Product Description Generator
ReviewAudited by ClawScan on May 10, 2026.
Overview
The skill mostly matches its product-copy purpose, but its bulk CSV script can write files outside the chosen output folder if product names contain path characters.
Review before installing. If you use bulk CSV generation, only run it on trusted CSVs or patch the filename handling first, and run it in a safe working directory. Also review generated marketing claims before publishing them.
Findings (2)
Artifact-based informational review of SKILL.md, metadata, install specs, static scan signals, and capability signals.

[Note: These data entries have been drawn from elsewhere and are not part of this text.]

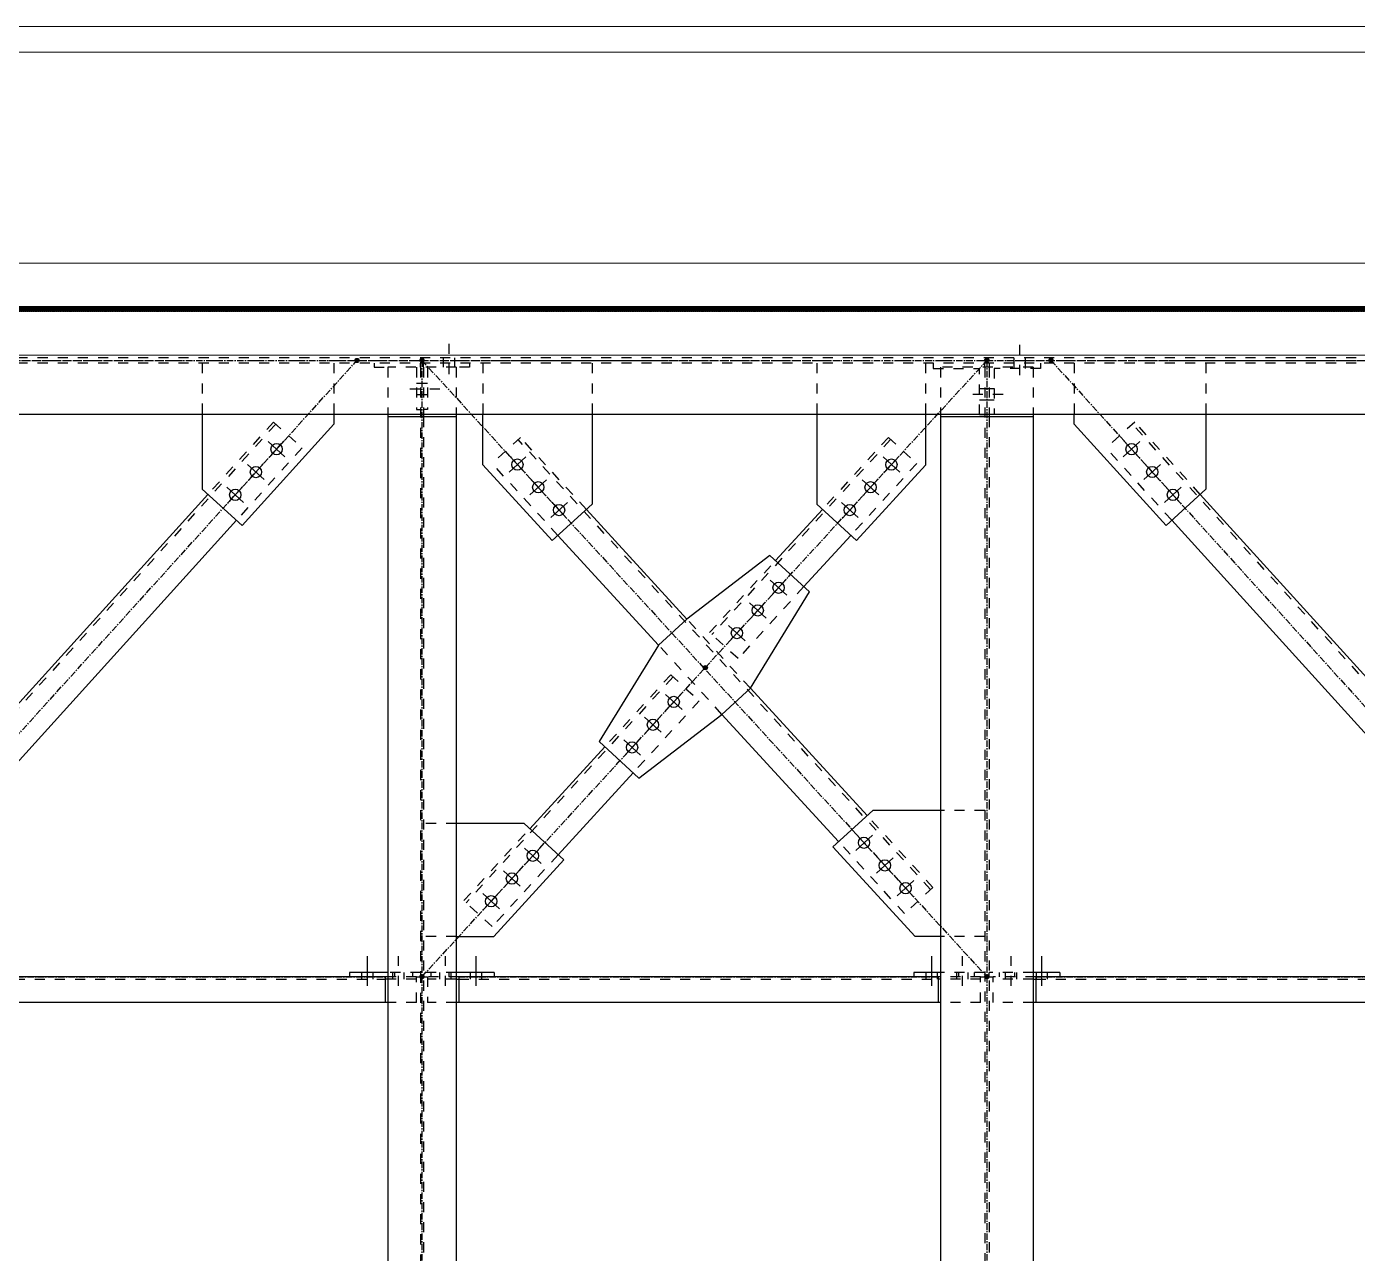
# Model space of a CAD drawing. Header units: inches. Extents: x 209270 to 234360, y -180214 to -150194.
# Drawn here: x 221742 to 224333, y -157102 to -154714 of the extents above; entities that cross this region are included whole.
import ezdxf

# ---------------------------------------------------------------- set-up
doc = ezdxf.new("R2010")
doc.units = ezdxf.units.IN
doc.header["$LTSCALE"] = 10
doc.header["$MEASUREMENT"] = 0
for name, pattern in [('CENTER', [2, 1.25, -0.25, 0.25, -0.25]), ('DXK_LINE_DOT2', [3.9198, 1.9599, -1.9599]), ('DXK_LINE_DOT5', [7.8785, 2.979, -0.9799, 0.9799, -0.9799, 0.9799, -0.9799]), ('HIDDEN', [0.375, 0.25, -0.125])]:
    doc.linetypes.add(name, pattern=pattern)
doc.layers.get('0').update_dxf_attribs({"color": 1})
for name, color, linetype in [('_STR_0', 5, 'Continuous'), ('_STR_1', 5, 'Continuous'), ('_STR_2', 5, 'Continuous'), ('_STR_4', 5, 'Continuous')]:
    doc.layers.add(name, color=color, linetype=linetype)
for name, color, linetype, lineweight in [('CEN', 1, 'CENTER', 9), ('handrail', 1, 'FENCELINE1', 9), ('HIDDEN', 1, 'HIDDEN', 9), ('MAIN OBJECT', 1, 'Continuous', 18), ('Sheeting', 1, 'Continuous', 0)]:
    doc.layers.add(name, color=color, linetype=linetype, lineweight=lineweight)
doc.linetypes.add('FENCELINE1', pattern='A,0.25,-0.1,[133,arial.ttf,S=0.1,R=0,X=-0.1,Y=0],-0.1,1', length=1.45)

# ---------------------------------------------------------------- blocks, each defined once
blk = doc.blocks.new('GridLine-116860372-116908 - 114867')
at = {"layer": '_STR_2', "linetype": 'DXK_LINE_DOT5'}
blk.add_line((211379.7, -155363.7), (228961.1, -155363.7), dxfattribs=at)
blk = doc.blocks.new('Part-116860372-114888 - 114867')
at = {"layer": '_STR_1', "linetype": 'DXK_LINE_DOT2'}
for p, q in [((225232.5, -155358.3), (217317.9, -155358.3)), ((225232.5, -155369.1), (217317.9, -155369.1))]:
    blk.add_line(p, q, dxfattribs=at)
at = {"layer": '_STR_2', "linetype": 'Continuous'}
for p, q in [((219601.9, -155258.7), (225232.5, -155258.7)), ((225232.5, -155468.7), (219601.9, -155468.7))]:
    blk.add_line(p, q, dxfattribs=at)
at = {"layer": '_STR_4', "linetype": 'CENTER'}
blk.add_line((217011.9, -155363.7), (225511.9, -155363.7), dxfattribs=at)
blk = doc.blocks.new('Part-116860372-115483 - 114867')
at = {"layer": '_STR_1', "linetype": 'DXK_LINE_DOT2'}
for p, q in [((223616.2, -155369.1), (223616.2, -155377.1)), ((223716.2, -155369.1), (223716.2, -155379.1)), ((223716.2, -155379.1), (223626.2, -155379.1)), ((223626.2, -155379.1), (223626.2, -155468.7)), ((223616.2, -155468.7), (223616.2, -155469.1))]:
    blk.add_line(p, q, dxfattribs=at)
at = {"layer": '_STR_2', "linetype": 'Continuous'}
for p, q in [((223626.2, -155469.1), (223616.2, -155469.1)), ((223626.2, -155468.7), (223626.2, -155469.1))]:
    blk.add_line(p, q, dxfattribs=at)
blk = doc.blocks.new('Part-116860372-116084 - 114867')
at = {"layer": '_STR_1', "linetype": 'DXK_LINE_DOT2'}
for p, q in [((222084, -155369.1), (222084, -155468.7)), ((222340.3, -155369.1), (222340.3, -155468.7))]:
    blk.add_line(p, q, dxfattribs=at)
at = {"layer": '_STR_2', "linetype": 'Continuous'}
for p, q in [((222084, -155468.7), (222084, -155614.5)), ((222340.3, -155468.7), (222340.3, -155487.8)), ((222161.8, -155684.9), (222340.3, -155487.8)), ((222084, -155614.5), (222161.8, -155684.9))]:
    blk.add_line(p, q, dxfattribs=at)
blk = doc.blocks.new('Part-116860372-114968 - 114867')
at = {"layer": '_STR_4', "linetype": 'Continuous'}
for points in [[(222511.9, -155367.7, -1), (222511.9, -155359.7, -1)], [(222511.9, -157367.7, -1), (222511.9, -157359.7, -1)]]:
    blk.add_hatch(color=256, dxfattribs=at).paths.add_polyline_path(points)
at = {"layer": '_STR_1', "linetype": 'DXK_LINE_DOT2'}
for p, q in [((222445.3, -155377.1), (222445.3, -155468.7)), ((222578.5, -155377.1), (222445.3, -155377.1)), ((222509, -155377.1), (222509, -156555.7)), ((222514.7, -155377.1), (222514.7, -155468.7)), ((222578.5, -155377.1), (222578.5, -155468.7)), ((222514.7, -155473.7), (222514.7, -157275.8)), ((222509, -156555.7), (222509, -157275.8)), ((222445.3, -157280.8), (222445.3, -157352.3)), ((222509, -157280.8), (222509, -157352.3)), ((222514.7, -157280.8), (222514.7, -157352.3)), ((222578.5, -157280.8), (222578.5, -157352.3)), ((222578.5, -157352.3), (222445.3, -157352.3))]:
    blk.add_line(p, q, dxfattribs=at)
at = {"layer": '_STR_2', "linetype": 'Continuous'}
for p, q in [((222445.3, -155468.7), (222445.3, -157280.8)), ((222578.5, -155473.7), (222445.3, -155473.7)), ((222509, -155468.7), (222509, -155473.7)), ((222514.7, -155468.7), (222514.7, -155473.7)), ((222578.5, -155468.7), (222578.5, -157280.8)), ((222578.5, -157275.8), (222445.3, -157275.8)), ((222509, -157275.8), (222509, -157280.8)), ((222514.7, -157275.8), (222514.7, -157280.8))]:
    blk.add_line(p, q, dxfattribs=at)
at = {"layer": '_STR_4', "linetype": 'CENTER'}
blk.add_line((222511.9, -155363.7), (222511.9, -157363.7), dxfattribs=at)
at = {"layer": '_STR_4', "linetype": 'Continuous'}
for centre in [(222511.9, -155363.7), (222511.9, -157363.7)]:
    blk.add_circle(centre, 4, dxfattribs=at)
blk = doc.blocks.new('Part-116860372-114969 - 114867')
at = {"layer": '_STR_4', "linetype": 'Continuous'}
blk.add_hatch(color=256, dxfattribs=at).paths.add_polyline_path([(223611.9, -155367.7, -1), (223611.9, -155359.7, -1)])
at = {"layer": '_STR_1', "linetype": 'DXK_LINE_DOT2'}
for p, q in [((223521.9, -155377.1), (223521.9, -155473.7)), ((223701.9, -155377.1), (223521.9, -155377.1)), ((223607.6, -155377.1), (223607.6, -156239.8)), ((223616.2, -155377.1), (223616.2, -155468.7)), ((223701.9, -155377.1), (223701.9, -155468.7)), ((223616.2, -155473.7), (223616.2, -160033.7)), ((223607.6, -156239.8), (223607.6, -160033.7))]:
    blk.add_line(p, q, dxfattribs=at)
at = {"layer": '_STR_2', "linetype": 'Continuous'}
for p, q in [((223521.9, -155468.7), (223521.9, -160038.7)), ((223701.9, -155473.7), (223521.9, -155473.7)), ((223607.6, -155468.7), (223607.6, -155473.7)), ((223616.2, -155468.7), (223616.2, -155473.7)), ((223701.9, -155468.7), (223701.9, -160038.7))]:
    blk.add_line(p, q, dxfattribs=at)
at = {"layer": '_STR_4', "linetype": 'CENTER'}
blk.add_line((223611.9, -155363.7), (223611.9, -160163.7), dxfattribs=at)
at = {"layer": '_STR_4', "linetype": 'Continuous'}
blk.add_circle((223611.9, -155363.7), 4, dxfattribs=at)
blk = doc.blocks.new('Part-116860372-115061 - 114867')
at = {"layer": '_STR_4', "linetype": 'Continuous'}
for points in [[(221411.9, -156567.7, -1), (221411.9, -156559.7, -1)], [(222511.9, -156567.7, -1), (222511.9, -156559.7, -1)]]:
    blk.add_hatch(color=256, dxfattribs=at).paths.add_polyline_path(points)
at = {"layer": '_STR_1', "linetype": 'DXK_LINE_DOT2'}
for p, q in [((221483.5, -156563.7), (221422.7, -156563.7)), ((221422.7, -156613.7), (221422.7, -156563.7)), ((222501, -156563.7), (222440.3, -156563.7)), ((222501, -156613.7), (222501, -156563.7)), ((221478.5, -156568.7), (221422.7, -156568.7)), ((221483.5, -156568.7), (222440.3, -156568.7)), ((222501, -156568.7), (222445.3, -156568.7)), ((221478.5, -156613.7), (221422.7, -156613.7)), ((222501, -156613.7), (222445.3, -156613.7))]:
    blk.add_line(p, q, dxfattribs=at)
at = {"layer": '_STR_2', "linetype": 'Continuous'}
for p, q in [((222440.3, -156563.7), (221483.5, -156563.7)), ((221483.5, -156563.7), (221483.5, -156613.7)), ((222440.3, -156563.7), (222440.3, -156613.7)), ((221478.5, -156568.7), (221483.5, -156568.7)), ((222445.3, -156568.7), (222440.3, -156568.7)), ((222445.3, -156613.7), (221478.5, -156613.7))]:
    blk.add_line(p, q, dxfattribs=at)
at = {"layer": '_STR_4', "linetype": 'CENTER'}
for p, q in [((221411.9, -156563.7), (221422.7, -156563.7)), ((221483.5, -156563.7), (222440.3, -156563.7)), ((222501, -156563.7), (222511.9, -156563.7))]:
    blk.add_line(p, q, dxfattribs=at)
at = {"layer": '_STR_4', "linetype": 'Continuous'}
for centre in [(221411.9, -156563.7), (222511.9, -156563.7)]:
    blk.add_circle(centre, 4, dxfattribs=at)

ClawScan does not execute the skill or run runtime probes.
A malicious or malformed CSV could create or overwrite local .md files outside the selected descriptions folder.
The CSV product value is used as a path component without sanitizing slashes, absolute paths, or '..', so crafted CSV content can make the script write outside the intended output directory.
filename = f"{row['product'].lower().replace(' ', '_')}.md"
output_path = os.path.join(output_dir, filename)
with open(output_path, "w", encoding="utf-8") as f:Sanitize product names into safe slugs, reject absolute paths and '..', resolve the final path, verify it stays inside output_dir, and avoid overwriting existing files without confirmation.
The skill may fail or users may look for undocumented extra files; this is a packaging/completeness issue rather than evidence of malicious behavior.
The skill documentation depends on Python execution and advertises helper scripts that are not included in the provided manifest, while the registry declares no required binaries or install spec.
python3 scripts/generate_description.py ... ### `generate_variations.py` ... ### `seo_analyzer.py`
Declare the Python runtime requirement and either include the documented helper scripts or remove those sections from SKILL.md.